The Data Just Doesn’t Support Planned Parenthood’s Agenda
But the Left’s narrative is a lie. First off, state Medicaid already subsidizes the IUD and other LARCs, and PPFA still doesn’t give many out. In general, the Left’s obsession with IUDs is a bit weird, since most American women who use a LARC use the implant, not the IUD (also, the IUD is an abortifacient, while the implant is not).
Most important, saying that the unintended pregnancy rate among poor women is finally dropping due to IUDs, and funding for PPFA, is totally inaccurate. Even if the data from the 1995 NSFG is not as good as other available data, unintended pregnancy rates were, using what we know from other NSFG surveys, flat during that period.
The accurate telling of history is that between the late 1980s and 1994, the unintended pregnancy rate among poor women was going down, or was at worse unchanged. Even if it didn’t go down from 1987 to 1994, it was lower than it is today. This occurred in a time when IUD use was limited, and PPFA received less taxpayer funding. Then, suddenly, there was a big jump from 1994 to 2001, just as PPFA got bigger.
The media stories should be “unintended pregnancy rates for poor women finally dropping to where they were in the ‘90s, before things got really bad in 2001,” and “more competition needed among providers of healthcare for poor women,” not “unintended pregnancies are finally dropping because our liberal policies are working.”
This isn’t to say that IUDs don’t work, or that contraceptives are bad, or anything like that. It is to say that after all this money has been thrown at PPFA, to the extent that government has limited the choice of other contraception providers by granting PPFA a monopoly over taxpayer money for poor women, all this money has achieved worse outcomes.
Outcomes were better for poor women when PPFA’s Title X grant was much smaller, and when it served fewer customers. Does correlation mean causation? No. But we see what the lack of competition does with the Veterans Affairs, with your local Department of Motor Vehicles, and even with Comcast. Why not the same for PPFA?
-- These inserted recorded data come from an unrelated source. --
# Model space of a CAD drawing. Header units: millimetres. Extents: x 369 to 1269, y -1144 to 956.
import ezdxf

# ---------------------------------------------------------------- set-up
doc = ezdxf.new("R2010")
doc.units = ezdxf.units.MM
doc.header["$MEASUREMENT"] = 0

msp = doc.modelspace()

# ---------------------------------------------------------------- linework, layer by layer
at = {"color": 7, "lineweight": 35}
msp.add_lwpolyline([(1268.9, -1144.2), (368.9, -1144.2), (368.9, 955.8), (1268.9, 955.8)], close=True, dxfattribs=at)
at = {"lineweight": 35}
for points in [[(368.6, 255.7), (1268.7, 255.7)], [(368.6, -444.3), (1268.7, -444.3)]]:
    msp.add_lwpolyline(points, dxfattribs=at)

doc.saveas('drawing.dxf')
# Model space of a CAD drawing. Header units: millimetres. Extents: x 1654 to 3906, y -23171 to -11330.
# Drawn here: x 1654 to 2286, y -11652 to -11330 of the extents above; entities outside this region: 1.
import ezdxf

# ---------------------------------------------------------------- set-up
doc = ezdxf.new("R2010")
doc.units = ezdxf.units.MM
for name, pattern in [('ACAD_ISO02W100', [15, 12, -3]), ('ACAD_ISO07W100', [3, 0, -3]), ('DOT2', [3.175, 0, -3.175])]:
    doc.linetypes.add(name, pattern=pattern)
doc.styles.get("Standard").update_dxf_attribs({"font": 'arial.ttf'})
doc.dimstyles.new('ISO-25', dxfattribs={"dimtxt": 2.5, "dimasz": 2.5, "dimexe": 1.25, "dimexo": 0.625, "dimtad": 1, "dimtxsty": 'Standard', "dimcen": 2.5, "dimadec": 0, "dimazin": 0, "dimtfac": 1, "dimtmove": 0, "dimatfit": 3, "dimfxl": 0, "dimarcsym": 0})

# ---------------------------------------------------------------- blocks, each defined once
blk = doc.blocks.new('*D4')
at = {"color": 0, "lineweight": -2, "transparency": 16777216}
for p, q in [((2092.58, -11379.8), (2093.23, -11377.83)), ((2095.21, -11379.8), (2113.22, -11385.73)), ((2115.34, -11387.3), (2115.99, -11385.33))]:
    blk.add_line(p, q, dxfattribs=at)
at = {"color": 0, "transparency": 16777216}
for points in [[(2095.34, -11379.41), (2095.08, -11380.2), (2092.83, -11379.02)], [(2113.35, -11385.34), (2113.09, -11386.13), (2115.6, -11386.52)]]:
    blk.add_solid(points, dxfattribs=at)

Pro-lifers and conservatives should call into question the entire narrative from the Left with their own narrative. It sounds like this.
Progressives came along and broke up the poor family with the “Great Society” and fuel the sexual revolution. The fatherless children that resulted from this family breakdown created the political onus for abortion-on-demand, which culminated in the Roe v. Wade decision in 1973. Since then, progressives have been dumping taxpayer dollars on Planned Parenthood, with the hope that increased birth control funding will dampen the ill effects of their Great Society programs by reducing the poor’s rate of reproduction.
In doing so, progressives have created a special interest that receives taxpayer dollars, and in turn donates to and supports Democrats, the progressive party of the day. This special interest talks up birth control for poor women, but because it receives much higher profit margins for abortion, and presides over a captive market, this special interest has incentives that don’t align with the poor women it claims to serve.
Time for some trust-busting. Create a “women’s choice card” that allows women below 100 percent of the federal poverty level access to any OB-GYN in the country, for any service aside from abortion. If progressives’ special interest—PPFA—is so great, let it compete for this money, or let it go the way of the other dinosaurs.
Clarification: An earlier version of this article identified Guttmacher as a “research arm” of Planned Parenthood. Guttmacher and Planned Parenthood are no longer formally affiliated.